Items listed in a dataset
**********

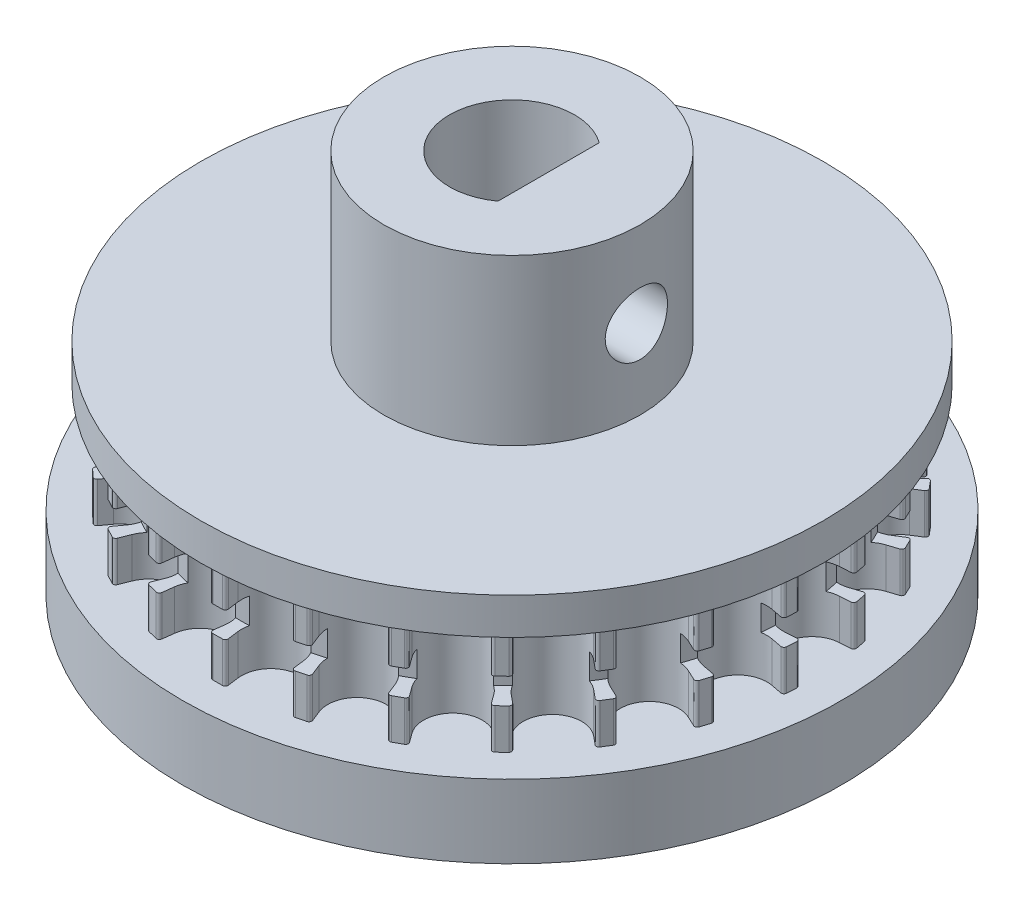
SolidWorks part; units mm, degrees
ref_plane "Спереди" through (0, 0, 0) normal (0, 0, 1) x (1, 0, 0)
ref_plane "Сверху" through (0, 0, 0) normal (0, 1, 0) x (1, 0, 0)
ref_plane "Справа" through (0, 0, 0) normal (1, 0, 0) x (0, 0, -1)
sketch "Sketch1" plane through (0, 0, 0) normal (0, 1, 0) x (1, 0, 0)
  circle A0 centre (0, 0) radius 18
extrude "Boss-Extrude1" add sketch "Sketch1" along normal blind 4
sketch "Sketch7" plane through (0, 4, 0) normal (0, 1, 0) x (1, 0, 0)
  line L25 (2.2991, 15.8675) -> (2.15, 15.2867)
  line L26 (5.4051, 15.097) -> (5.2495, 14.4909)
  line L27 (6.173, 14.7972) -> (5.8841, 14.2718)
  line L28 (-1.7192, 15.9408) -> (-1.7192, 15.3411)
  line L29 (1.4808, 15.9669) -> (1.4808, 15.3411)
  line L30 (8.9898, 13.2785) -> (8.6883, 12.7302)
  line L31 (9.659, 12.7972) -> (9.2485, 12.3601)
  line L32 (12.0096, 10.6257) -> (11.5812, 10.1695)
  line L33 (12.5381, 9.9931) -> (12.0318, 9.6717)
  line L34 (14.2748, 7.3052) -> (13.7464, 6.9699)
  line L35 (14.6293, 6.561) -> (14.059, 6.3757)
  line L36 (15.6431, 3.5257) -> (15.0479, 3.3323)
  line L37 (15.8014, 2.7167) -> (15.2029, 2.6791)
  line L38 (16.0284, -0.4753) -> (15.4038, -0.5146)
  line L39 (15.9806, -1.2983) -> (15.3915, -1.1859)
  line L40 (15.4066, -4.4465) -> (14.7919, -4.3292)
  line L41 (15.1556, -5.2317) -> (14.6131, -4.9764)
  line L42 (13.8168, -8.1383) -> (13.2506, -7.8718)
  line L43 (13.3784, -8.8364) -> (12.9164, -8.4542)
  line L44 (11.3588, -11.3187) -> (10.8766, -10.9198)
  line L45 (10.7606, -11.8859) -> (10.4081, -11.4007)
  line L46 (8.1871, -13.7879) -> (7.8193, -13.2816)
  line L47 (7.4666, -14.1885) -> (7.2459, -13.631)
  line L48 (4.501, -15.3908) -> (4.2706, -14.809)
  line L49 (3.7035, -15.5996) -> (3.6284, -15.0047)
  line L50 (0.532, -16.0266) -> (0.4536, -15.4058)
  line L51 (-0.2923, -16.0306) -> (-0.2171, -15.4356)
  line L52 (-3.4703, -15.6554) -> (-3.3919, -15.0346)
  line L53 (-4.2697, -15.4542) -> (-4.049, -14.8967)
  line L54 (-7.2547, -14.3006) -> (-7.0243, -13.7187)
  line L55 (-7.9789, -13.9069) -> (-7.6265, -13.4218)
  line L56 (-10.5831, -12.0471) -> (-10.2153, -11.5408)
  line L57 (-11.1867, -11.4857) -> (-10.7247, -11.1035)
  line L58 (-13.2466, -9.0367) -> (-12.7645, -8.6378)
  line L59 (-13.6917, -8.3428) -> (-13.1491, -8.0875)
  line L60 (-15.0778, -5.4585) -> (-14.5116, -5.1921)
  line L61 (-15.3363, -4.6757) -> (-14.7473, -4.5634)
  line L62 (-15.9616, -1.5373) -> (-15.3469, -1.4201)
  line L63 (-16.0173, -0.7149) -> (-15.4188, -0.7525)
  line L64 (-15.8424, 2.4805) -> (-15.2179, 2.4412)
  line L65 (-15.6918, 3.2909) -> (-15.1215, 3.1056)
  line L66 (-14.7279, 6.3424) -> (-14.1327, 6.149)
  line L67 (-14.3804, 7.0899) -> (-13.8741, 6.7686)
  line L68 (-12.6879, 9.8058) -> (-12.1595, 9.4705)
  line L69 (-12.1654, 10.4435) -> (-11.755, 10.0064)
  line L70 (-9.8506, 12.6531) -> (-9.4223, 12.1969)
  line L71 (-9.1861, 13.1408) -> (-8.8972, 12.6153)
  line L72 (-6.3945, 14.7053) -> (-6.093, 14.1569)
  line L73 (-5.6295, 15.0124) -> (-5.4804, 14.4316)
  line L74 (-2.5365, 15.8336) -> (-2.3809, 15.2274)
  line L75 (1.6461, 16.1162) -> (2.174, 16.0535)
  line L76 (5.6023, 15.2005) -> (6.098, 15.0085)
  line L77 (9.2065, 13.3297) -> (9.6389, 13.0204)
  line L78 (12.2322, 10.6214) -> (12.5741, 10.2143)
  line L79 (14.4893, 7.2457) -> (14.7193, 6.7663)
  line L80 (15.836, 3.4147) -> (15.9396, 2.8932)
  line L81 (16.1877, -0.6309) -> (16.1583, -1.1617)
  line L82 (15.5223, -4.6368) -> (15.3618, -5.1436)
  line L83 (13.8815, -8.3513) -> (13.6, -8.8023)
  line L84 (11.3685, -11.5411) -> (10.9837, -11.9079)
  line L85 (8.1411, -14.0058) -> (7.6772, -14.2654)
  line L86 (4.4023, -15.5904) -> (3.8884, -15.7264)
  line L87 (0.3868, -16.1954) -> (-0.1448, -16.1994)
  line L88 (-3.653, -15.7828) -> (-4.1689, -15.6544)
  line L89 (-7.4632, -14.3785) -> (-7.931, -14.1258)
  line L90 (-10.8045, -12.0707) -> (-11.1948, -11.7097)
  line L91 (-13.467, -9.0045) -> (-13.7552, -8.5578)
  line L92 (-15.2832, -5.3725) -> (-15.4512, -4.8682)
  line L93 (-16.1391, -1.403) -> (-16.1765, -0.8726)
  line L94 (-15.981, 2.6548) -> (-15.8853, 3.1777)
  line L95 (-14.8187, 6.5457) -> (-14.596, 7.0284)
  line L96 (-12.7253, 10.0253) -> (-12.3895, 10.4374)
  line L97 (-9.8323, 12.875) -> (-9.4046, 13.1907)
  line L98 (-6.3216, 14.9157) -> (-5.8287, 15.1151)
  line L99 (-2.4136, 16.0192) -> (-1.8866, 16.0898)
  arc A16 (13.7013, 6.2878) -> (13.8151, 6.4563) centre (13.6668, 6.4337) ccw
  arc A75 (-1.7192, 15.3411) -> (1.4808, 15.3411) centre (-0.1192, 15.3411) ccw
  arc A76 (2.2991, 15.8675) -> (2.174, 16.0535) centre (2.1539, 15.9048) ccw
  arc A77 (-1.7192, 15.9408) -> (-1.8866, 16.0898) centre (-1.8692, 15.9408) ccw
  arc A78 (1.6461, 16.1162) -> (1.4808, 15.9669) centre (1.6308, 15.9669) ccw
  arc A79 (2.15, 15.2867) -> (5.2495, 14.4909) centre (3.6998, 14.8888) ccw
  arc A80 (5.6023, 15.2005) -> (5.4051, 15.097) centre (5.5504, 15.0597) ccw
  arc A81 (6.173, 14.7972) -> (6.098, 15.0085) centre (6.0416, 14.8695) ccw
  arc A82 (5.8841, 14.2718) -> (8.6883, 12.7302) centre (7.2862, 13.501) ccw
  arc A83 (9.2065, 13.3297) -> (8.9898, 13.2785) centre (9.1212, 13.2063) ccw
  arc A84 (9.659, 12.7972) -> (9.6389, 13.0204) centre (9.5496, 12.8999) ccw
  arc A85 (9.2485, 12.3601) -> (11.5812, 10.1695) centre (10.4149, 11.2648) ccw
  arc A86 (12.2322, 10.6214) -> (12.0096, 10.6257) centre (12.1189, 10.523) ccw
  arc A87 (12.5381, 9.9931) -> (12.5741, 10.2143) centre (12.4577, 10.1197) ccw
  arc A88 (12.0318, 9.6717) -> (13.7464, 6.9699) centre (12.8891, 8.3208) ccw
  arc A89 (14.4893, 7.2457) -> (14.2748, 7.3052) centre (14.3552, 7.1786) ccw
  arc A90 (14.6293, 6.561) -> (14.7193, 6.7663) centre (14.583, 6.7037) ccw
  arc A91 (14.059, 6.3757) -> (15.0479, 3.3323) centre (14.5535, 4.854) ccw
  arc A92 (15.836, 3.4147) -> (15.6431, 3.5257) centre (15.6894, 3.3831) ccw
  arc A93 (15.8014, 2.7167) -> (15.9396, 2.8932) centre (15.792, 2.8664) ccw
  arc A94 (15.2029, 2.6791) -> (15.4038, -0.5146) centre (15.3034, 1.0822) ccw
  arc A95 (16.1877, -0.6309) -> (16.0284, -0.4753) centre (16.0378, -0.625) ccw
  arc A96 (15.9806, -1.2983) -> (16.1583, -1.1617) centre (16.0087, -1.1509) ccw
  arc A97 (15.3915, -1.1859) -> (14.7919, -4.3292) centre (15.0917, -2.7576) ccw
  arc A98 (15.5223, -4.6368) -> (15.4066, -4.4465) centre (15.3785, -4.5938) ccw
  arc A99 (15.1556, -5.2317) -> (15.3618, -5.1436) centre (15.2195, -5.096) ccw
  arc A100 (14.6131, -4.9764) -> (13.2506, -7.8718) centre (13.9318, -6.4241) ccw
  arc A101 (13.8815, -8.3513) -> (13.8168, -8.1383) centre (13.7529, -8.274) ccw
  arc A102 (13.3784, -8.8364) -> (13.6, -8.8023) centre (13.474, -8.7208) ccw
  arc A103 (12.9164, -8.4542) -> (10.8766, -10.9198) centre (11.8965, -9.687) ccw
  arc A104 (11.3685, -11.5411) -> (11.3588, -11.3187) centre (11.2632, -11.4343) ccw
  arc A105 (10.7606, -11.8859) -> (10.9837, -11.9079) centre (10.882, -11.7977) ccw
  arc A106 (10.4081, -11.4007) -> (7.8193, -13.2816) centre (9.1137, -12.3412) ccw
  arc A107 (8.1411, -14.0058) -> (8.1871, -13.7879) centre (8.0658, -13.8761) ccw
  arc A108 (7.4666, -14.1885) -> (7.6772, -14.2654) centre (7.6061, -14.1333) ccw
  arc A109 (7.2459, -13.631) -> (4.2706, -14.809) centre (5.7583, -14.22) ccw
  arc A110 (4.4023, -15.5904) -> (4.501, -15.3908) centre (4.3615, -15.446) ccw
  arc A111 (3.7035, -15.5996) -> (3.8884, -15.7264) centre (3.8524, -15.5808) ccw
  arc A112 (3.6284, -15.0047) -> (0.4536, -15.4058) centre (2.041, -15.2052) ccw
  arc A113 (0.3868, -16.1954) -> (0.532, -16.0266) centre (0.3832, -16.0454) ccw
  arc A114 (-0.2923, -16.0306) -> (-0.1448, -16.1994) centre (-0.1435, -16.0494) ccw
  arc A115 (-0.2171, -15.4356) -> (-3.3919, -15.0346) centre (-1.8045, -15.2351) ccw
  arc A116 (-3.653, -15.7828) -> (-3.4703, -15.6554) centre (-3.6191, -15.6366) ccw
  arc A117 (-4.2697, -15.4542) -> (-4.1689, -15.6544) centre (-4.1303, -15.5095) ccw
  arc A118 (-4.049, -14.8967) -> (-7.0243, -13.7187) centre (-5.5366, -14.3077) ccw
  arc A119 (-7.4632, -14.3785) -> (-7.2547, -14.3006) centre (-7.3941, -14.2453) ccw
  arc A120 (-7.9789, -13.9069) -> (-7.931, -14.1258) centre (-7.8576, -13.995) ccw
  arc A121 (-7.6265, -13.4218) -> (-10.2153, -11.5408) centre (-8.9209, -12.4813) ccw
  arc A122 (-10.8045, -12.0707) -> (-10.5831, -12.0471) centre (-10.7045, -11.9589) ccw
  arc A123 (-11.1867, -11.4857) -> (-11.1948, -11.7097) centre (-11.0911, -11.6013) ccw
  arc A124 (-10.7247, -11.1035) -> (-12.7645, -8.6378) centre (-11.7446, -9.8706) ccw
  arc A125 (-13.467, -9.0045) -> (-13.2466, -9.0367) centre (-13.3423, -8.9211) ccw
  arc A126 (-13.6917, -8.3428) -> (-13.7552, -8.5578) centre (-13.6278, -8.4785) ccw
  arc A127 (-13.1491, -8.0875) -> (-14.5116, -5.1921) centre (-13.8303, -6.6398) ccw
  arc A128 (-15.2832, -5.3725) -> (-15.0778, -5.4585) centre (-15.1417, -5.3228) ccw
  arc A129 (-15.3363, -4.6757) -> (-15.4512, -4.8682) centre (-15.3082, -4.8231) ccw
  arc A130 (-14.7473, -4.5634) -> (-15.3469, -1.4201) centre (-15.0471, -2.9917) ccw
  arc A131 (-16.1391, -1.403) -> (-15.9616, -1.5373) centre (-15.9897, -1.39) ccw
  arc A132 (-16.0173, -0.7149) -> (-16.1765, -0.8726) centre (-16.0267, -0.8646) ccw
  arc A133 (-15.4188, -0.7525) -> (-15.2179, 2.4412) centre (-15.3184, 0.8443) ccw
  arc A134 (-15.981, 2.6548) -> (-15.8424, 2.4805) centre (-15.833, 2.6302) ccw
  arc A135 (-15.6918, 3.2909) -> (-15.8853, 3.1777) centre (-15.7382, 3.1483) ccw
  arc A136 (-15.1215, 3.1056) -> (-14.1327, 6.149) centre (-14.6271, 4.6273) ccw
  arc A137 (-14.8187, 6.5457) -> (-14.7279, 6.3424) centre (-14.6815, 6.4851) ccw
  arc A138 (-14.3804, 7.0899) -> (-14.596, 7.0284) centre (-14.4608, 6.9633) ccw
  arc A139 (-13.8741, 6.7686) -> (-12.1595, 9.4705) centre (-13.0168, 8.1196) ccw
  arc A140 (-12.7253, 10.0253) -> (-12.6879, 9.8058) centre (-12.6075, 9.9325) ccw
  arc A141 (-12.1654, 10.4435) -> (-12.3895, 10.4374) centre (-12.2748, 10.3408) ccw
  arc A142 (-11.755, 10.0064) -> (-9.4223, 12.1969) centre (-10.5886, 11.1016) ccw
  arc A143 (-9.8323, 12.875) -> (-9.8506, 12.6531) centre (-9.7413, 12.7558) ccw
  arc A144 (-9.1861, 13.1408) -> (-9.4046, 13.1907) centre (-9.3175, 13.0685) ccw
  arc A145 (-8.8972, 12.6153) -> (-6.093, 14.1569) centre (-7.4951, 13.3861) ccw
  arc A146 (-6.3216, 14.9157) -> (-6.3945, 14.7053) centre (-6.263, 14.7776) ccw
  arc A147 (-5.6295, 15.0124) -> (-5.8287, 15.1151) centre (-5.7748, 14.9751) ccw
  arc A148 (-5.4804, 14.4316) -> (-2.3809, 15.2274) centre (-3.9306, 14.8295) ccw
  arc A149 (-2.4136, 16.0192) -> (-2.5365, 15.8336) centre (-2.3912, 15.8709) ccw
  point P179 (0, 0)
  point P228 (0, 0)
  point P406 (0, 0)
  point P455 (0, 0)
  dimension "D5" = 25
  dimension "D6" = 25
extrude "Boss-Extrude4" add sketch "Sketch7" along normal blind 6 contours L99 A149 L74 A148 L73 A147 L98 A146 L72 A145 L71 A144 L97 A143 L70 A142 L69 A141 L96 A140 L68 A139 L67 A138 L95 A137 L66 A136 L65 A135 L94 A134 L64 A133 L63 A132 L93 A131 L62 A130 L61 A129 L92 A128 L60 A127 L59 A126 region at (0, 4, 0)
sketch "Sketch8" plane through (0, 10, 0) normal (0, 1, 0) x (1, 0, 0)
  circle A0 centre (0, 0) radius 17
extrude "Boss-Extrude5" add sketch "Sketch8" along normal blind 2
sketch "Sketch9" plane through (0, 12, 0) normal (0, 1, 0) x (1, 0, 0)
  circle A0 centre (0, 0) radius 7
extrude "Boss-Extrude6" add sketch "Sketch9" along normal blind 9
sketch "Sketch10" plane through (0, 21, 0) normal (0, 1, 0) x (1, 0, 0)
  line L1 (2, 0) -> (2, 2.7641)
  line L2 (2, 2.7641) -> (2, -2.7641)
  arc A0 (2, 2.7641) -> (2, -2.7641) centre (0, 0) ccw
extrude "Cut-Extrude3" cut sketch "Sketch10" against normal through all contours L1 A0 L2 region at (-0.4527, 21, 0)
ref_plane "Plane3" through (0, 21, 0) normal (0, 1, 0) x (1, 0, 0)
sketch3d "3DSketch1"
  circle A0 centre (0, 16.327, 0) radius 1.7
  point P2 (-1.7, 16.327, 0)
extrude "Cut-Extrude4" cut sketch "3DSketch1" along direction (1, 0, 0) on the side of the normal blind 9
ref_plane "Plane6" through (0, 7.6, 0) normal (0, 1, 0) x (1, 0, 0)
sketch "Sketch17" plane through (0, 7.6, 0) normal (0, 1, 0) x (1, 0, 0)
  circle A0 centre (0, 0) radius 17.0167
  circle A1 centre (0, 0) radius 14.8366
extrude "Cut-Extrude6" cut sketch "Sketch17" against normal blind 1.4

**********

◆ Exercise goal ◆
Set down, unchanged, only those lines above that fall between the line with "line L89 (-7.4632, -14.3785)" and the line with "arc A95 (16.1877, -0.6309)", the two end lines included.

◆ Your solution ◆
  line L89 (-7.4632, -14.3785) -> (-7.931, -14.1258)
  line L90 (-10.8045, -12.0707) -> (-11.1948, -11.7097)
  line L91 (-13.467, -9.0045) -> (-13.7552, -8.5578)
  line L92 (-15.2832, -5.3725) -> (-15.4512, -4.8682)
  line L93 (-16.1391, -1.403) -> (-16.1765, -0.8726)
  line L94 (-15.981, 2.6548) -> (-15.8853, 3.1777)
  line L95 (-14.8187, 6.5457) -> (-14.596, 7.0284)
  line L96 (-12.7253, 10.0253) -> (-12.3895, 10.4374)
  line L97 (-9.8323, 12.875) -> (-9.4046, 13.1907)
  line L98 (-6.3216, 14.9157) -> (-5.8287, 15.1151)
  line L99 (-2.4136, 16.0192) -> (-1.8866, 16.0898)
  arc A16 (13.7013, 6.2878) -> (13.8151, 6.4563) centre (13.6668, 6.4337) ccw
  arc A75 (-1.7192, 15.3411) -> (1.4808, 15.3411) centre (-0.1192, 15.3411) ccw
  arc A76 (2.2991, 15.8675) -> (2.174, 16.0535) centre (2.1539, 15.9048) ccw
  arc A77 (-1.7192, 15.9408) -> (-1.8866, 16.0898) centre (-1.8692, 15.9408) ccw
  arc A78 (1.6461, 16.1162) -> (1.4808, 15.9669) centre (1.6308, 15.9669) ccw
  arc A79 (2.15, 15.2867) -> (5.2495, 14.4909) centre (3.6998, 14.8888) ccw
  arc A80 (5.6023, 15.2005) -> (5.4051, 15.097) centre (5.5504, 15.0597) ccw
  arc A81 (6.173, 14.7972) -> (6.098, 15.0085) centre (6.0416, 14.8695) ccw
  arc A82 (5.8841, 14.2718) -> (8.6883, 12.7302) centre (7.2862, 13.501) ccw
  arc A83 (9.2065, 13.3297) -> (8.9898, 13.2785) centre (9.1212, 13.2063) ccw
  arc A84 (9.659, 12.7972) -> (9.6389, 13.0204) centre (9.5496, 12.8999) ccw
  arc A85 (9.2485, 12.3601) -> (11.5812, 10.1695) centre (10.4149, 11.2648) ccw
  arc A86 (12.2322, 10.6214) -> (12.0096, 10.6257) centre (12.1189, 10.523) ccw
  arc A87 (12.5381, 9.9931) -> (12.5741, 10.2143) centre (12.4577, 10.1197) ccw
  arc A88 (12.0318, 9.6717) -> (13.7464, 6.9699) centre (12.8891, 8.3208) ccw
  arc A89 (14.4893, 7.2457) -> (14.2748, 7.3052) centre (14.3552, 7.1786) ccw
  arc A90 (14.6293, 6.561) -> (14.7193, 6.7663) centre (14.583, 6.7037) ccw
  arc A91 (14.059, 6.3757) -> (15.0479, 3.3323) centre (14.5535, 4.854) ccw
  arc A92 (15.836, 3.4147) -> (15.6431, 3.5257) centre (15.6894, 3.3831) ccw
  arc A93 (15.8014, 2.7167) -> (15.9396, 2.8932) centre (15.792, 2.8664) ccw
  arc A94 (15.2029, 2.6791) -> (15.4038, -0.5146) centre (15.3034, 1.0822) ccw
  arc A95 (16.1877, -0.6309) -> (16.0284, -0.4753) centre (16.0378, -0.625) ccw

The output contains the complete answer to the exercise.